The data may come as a surprise: The Middle East is the region with the highest percentage of female domestic workers, and almost all of them are migrants. In the Gulf and Levant, the International Labor Organization estimates there are 1.6 million workers; the International Trade Union Confederation estimate is nearly twice as high (2.5 million).
The monitoring site Migrant Rights contextualizes these huge numbers. Ninety percent of Kuwaiti citizens employs a foreign domestic worker; 36.6 percent of the female workforce is employed in private homes in Bahrain; 99.6 percent of economic immigrants in Saudi Arabia are domestic workers.

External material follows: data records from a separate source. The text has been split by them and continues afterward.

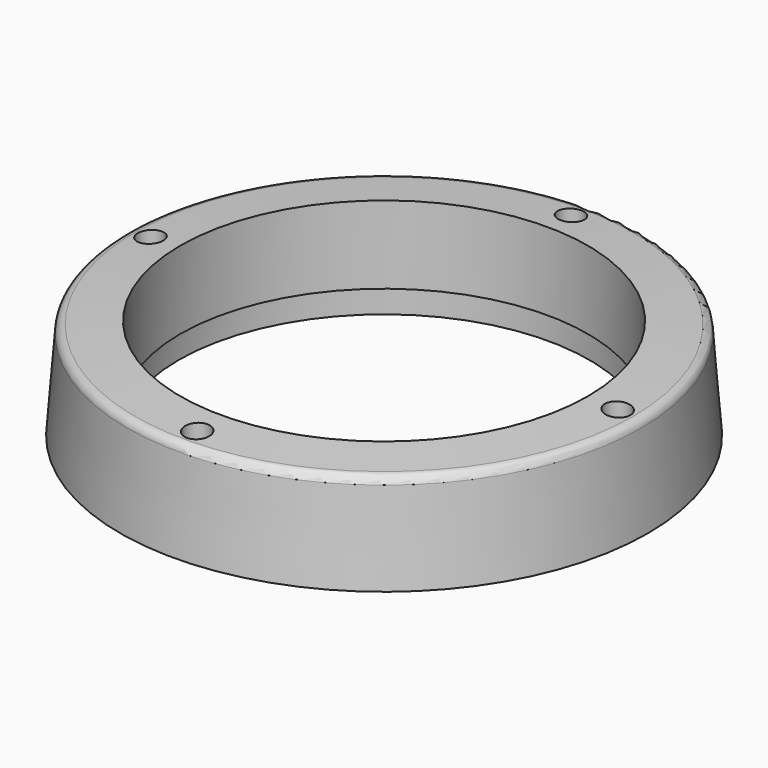
from build123d import *

# Parameters (mm, degrees)
F3_START = -14
F2_R     = 3
F3_DEPTH = 10


with BuildPart() as f1:
    # F0 (on Front) → F1 (revolve)
    with BuildSketch(Plane.XZ):
        with BuildLine():
            Line((48.35, 0), (62.15, 0))
            Line((62.15, 0), (60.5, 21.2590787789))
            ThreePointArc((60.5, 21.2590787789), (59.9118794302, 22.5268121601), (58.6373248293, 23.1))
            Line((58.6373248293, 23.1), (48, 23.8))
            Line((48, 23.8), (48, 5.5))
            Line((48, 5.5), (48.35, 5.5))
            Line((48.35, 5.5), (48.35, 0))
        make_face()
    revolve(axis=Axis((0, 0, 11.9790900654), (0, 0, 1)))

    # F2 (on face) → F3 (cut)
    with BuildSketch(Plane(origin=(0, 0, 0), x_dir=(1, 0, 0), z_dir=(0, 0, -1)).offset(F3_START)):
        with Locations((-55, 0)):
            Circle(F2_R)
        with Locations((0, 55)):
            Circle(F2_R)
        with Locations((55, 0)):
            Circle(F2_R)
        with Locations((0, -55)):
            Circle(F2_R)
    extrude(amount=-F3_DEPTH, mode=Mode.SUBTRACT)


solid = f1.part
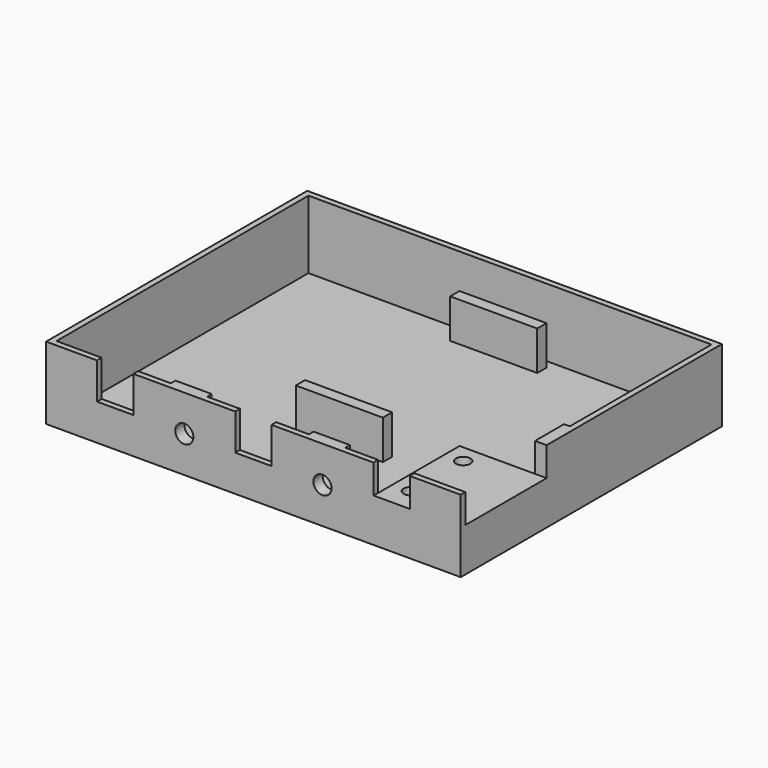
from build123d import *

# Parameters (mm, degrees)
F0_W     = 12
F0_H     = 1.6
F0_H_2   = 7
F0_R     = 1
F1_DEPTH = 0.6
F2_W     = 12
F2_H     = 1.6
F2_H_2   = 7
F2_R     = 1
F3_DEPTH = 5.4
F4_W     = 2.5
F4_H     = 0.8
F4_W_2   = 0.8
F4_H_2   = 5
F5_DEPTH = 9.4
F6_DEPTH = 4.4
F7_DEPTH = 1
F8_R     = 1.25
F9_DEPTH = 1.6


# Not quite as in the source:
# - a feature names something its author has since deleted; it is built from what else it names


with BuildPart() as f1:
    # F0 (on Top) → F1 (new body)
    with BuildSketch(Plane.XY):
        Polygon((-57.15, 0), (-12, 0), (-12, 7), (-12, 14), (0, 14), (0, 43), (-22.575, 43), (-22.575, 41.4), (-34.575, 41.4), (-34.575, 43), (-57.15, 43), align=None)
        with Locations((-28.575, 15.6)):
            Rectangle(F0_W, F0_H, mode=Mode.SUBTRACT)
        Polygon((-57.15, 45), (-57.15, 43), (-34.575, 43), (-22.575, 43), (0, 43), (0, 45), align=None)
        with Locations((-6, 10.5)):
            Rectangle(F0_W, F0_H_2)
        with Locations((-9.5, 11.5)):
            Circle(F0_R, mode=Mode.SUBTRACT)
        with Locations((-6, 3.5)):
            Rectangle(F0_W, F0_H_2)
        with Locations((-9.5, 2.5)):
            Circle(F0_R, mode=Mode.SUBTRACT)
        with Locations((-28.575, 42.2)):
            Rectangle(F0_W, F0_H)
        with Locations((-28.575, 15.6)):
            Rectangle(F0_W, F0_H)
        with Locations((-9.5, 11.5)):
            Circle(F0_R)
        with Locations((-9.5, 2.5)):
            Circle(F0_R)
    extrude(amount=F1_DEPTH)

    # F2 (on face) → F3 (join)
    with BuildSketch(Plane.XY.offset(0.6)):
        with Locations((-28.575, 42.2)):
            Rectangle(F2_W, F2_H)
        with Locations((-28.575, 15.6)):
            Rectangle(F2_W, F2_H)
        with Locations((-6, 11.3)):
            Rectangle(F2_W, F2_H_2)
        with Locations((-9.5, 12.3)):
            Circle(F2_R, mode=Mode.SUBTRACT)
        with Locations((-6, 4.3)):
            Rectangle(F2_W, F2_H_2)
        with Locations((-9.5, 3.3)):
            Circle(F2_R, mode=Mode.SUBTRACT)
    extrude(amount=F3_DEPTH)

    # F4 (on face) → F5 (join)
    with BuildSketch(Plane.XY.offset(0.6)):
        Polygon((-45.125, 0.8), (-45.125, 0), (-31.075, 0), (-31.075, 0.8), (-35.6, 0.8), (-38.1, 0.8), (-40.6, 0.8), align=None)
        with Locations((-36.85, 1.2)):
            Rectangle(F4_W, F4_H)
        with Locations((-39.35, 1.2)):
            Rectangle(F4_W, F4_H)
        Polygon((-21.55, 1.6), (-21.55, 0.8), (-16.55, 0.8), (-16.55, 1.6), (-19.05, 1.6), align=None)
        Polygon((-26.075, 0.8), (-26.075, 0), (-12.025, 0), (-12.025, 0.8), (-16.55, 0.8), (-21.55, 0.8), align=None)
        Polygon((0, 0), (0, 0.8), (-0.8, 0.8), (-7.025, 0.8), (-7.025, 0), align=None)
        Polygon((0, 45), (-57.15, 45), (-57.15, 0), (-50.125, 0), (-50.125, 0.8), (-56.35, 0.8), (-56.35, 44.2), (-0.8, 44.2), (-0.8, 19.8), (-0.8, 14.8), (0, 14.8), align=None)
        with Locations((-1.2, 17.3)):
            Rectangle(F4_W_2, F4_H_2)
    extrude(amount=F5_DEPTH)

    # F4 (on face) → F6 (join)
    with BuildSketch(Plane.XY.offset(0.6)):
        Polygon((-31.075, 0.8), (-31.075, 0), (-26.075, 0), (-26.075, 0.8), (-28.575, 0.8), align=None)
        Polygon((-50.125, 0.8), (-50.125, 0), (-45.125, 0), (-45.125, 0.8), (-47.625, 0.8), align=None)
        Polygon((-12.025, 0), (-7.025, 0), (-7.025, 0.8), (-9.525, 0.8), (-12, 0.8), (-12.025, 0.8), align=None)
    extrude(amount=F6_DEPTH)

    # F7 (add): a face of the model
    f7_faces = [f1.faces().sort_by_distance(p)[0] for p in [
        (-9.525, 0.4, 5),
    ]]
    extrude(f7_faces, amount=F7_DEPTH)

    # F8 (on face) → F9 (cut)
    with BuildSketch(Plane.XZ):
        with Locations((-38.1, 5)):
            Circle(F8_R)
        with BuildLine():
            ThreePointArc((-17.8, 5), (-18.1661165235, 5.8838834765), (-19.05, 6.25))
            ThreePointArc((-19.05, 6.25), (-19.9338834765, 4.1161165235), (-17.8, 5))
        make_face()
    extrude(amount=-F9_DEPTH, mode=Mode.SUBTRACT)


solid = f1.part

The other side of the coin is these workers’ total absence of rights: They work on average 64 hours a week and earn between 20 percent and 30 percent less than the national minimum wage ($147 a month in Kuwait and $100 in Saudi Arabia).
They are victims of an invisible form of modern slavery. Keeping them in place is the kafala system, or sponsorship system. In Gulf states and Lebanon, residence is permitted on the basis of sponsorship by a citizen or private company — in effect the “owners” of a human being.
Their passports are confiscated, they’re unable to look for a more decent or better paying job, and they suffer inhuman working conditions and physical and verbal abuse. Suicides are one of the direct consequences for these workers, virtually all of whom are from Southeast Asia and Sub-Saharan Africa.
The government’s lack of regulation makes everything worse. Domestic work is excluded from labor laws, apparently so as not to violate the privacy or “sanctity” of the home.
Domestic workers end up in limbo: invisible, divided from each other and unable to access their consulates. They either continue to work or risk arrest and deportation. Human trafficking networks profit in the background, with specialist agencies who profit from the illegal “sale” of female migrants.
While unions and strikes are outlawed in the Gulf petromonarchies, the earliest forms of trade union organization are taking root in Lebanon. In 2015, the first union of domestic workers was formed under the umbrella of the larger federation of workers’ unions. It has since signed agreements with unions in the workers’ countries of origin and launched campaigns to gain government recognition, backed by 100 local NGOs.
But difficulties abound. It’s a challenge to reach individual workers for reasons of language, isolation, low salaries that restrict movement and the fear of deportation. And now there’s a new conflict brewing among the poor themselves, triggered by the arrival of hundreds of thousands of Syrian refugees willing to work for lower wages. But Lebanese civil society and anti-racist movements have made the conditions of domestic workers their banner cause.
In 2011, a migrant community center opened in Beirut, and on May 1 a parade of migrant workers filled the streets of the capital under the slogan, “Kafala kills.” Just a few months earlier, in November, Lebanon deported Sujana Rana Roja Limbu, a domestic worker and leader of a union created two years ago that’s still illegal in Beirut.
Meanwhile, it’s total oblivion in the Gulf, where the narrative underpinning the Sunni petromonarchies — Wahhabism, the medieval interpretation of Islam that suffocates any “minority” believed to be a threat to the regime (women, immigrants, Shiites, the political opposition) — creates a physical and mental cage around migrants.
Exploitation of workers in the home is deeply rooted and widespread, not treated at all by the media and marginalized by the authorities who never punish those responsible for crimes in the rare cases reported by victims.
This explains the dramatic Lebanese intelligence statistics published in the news agency IRIN. Every week in Lebanon, two domestic workers die from unnatural causes: beatings, suicides or falls from balconies in an attempt to escape.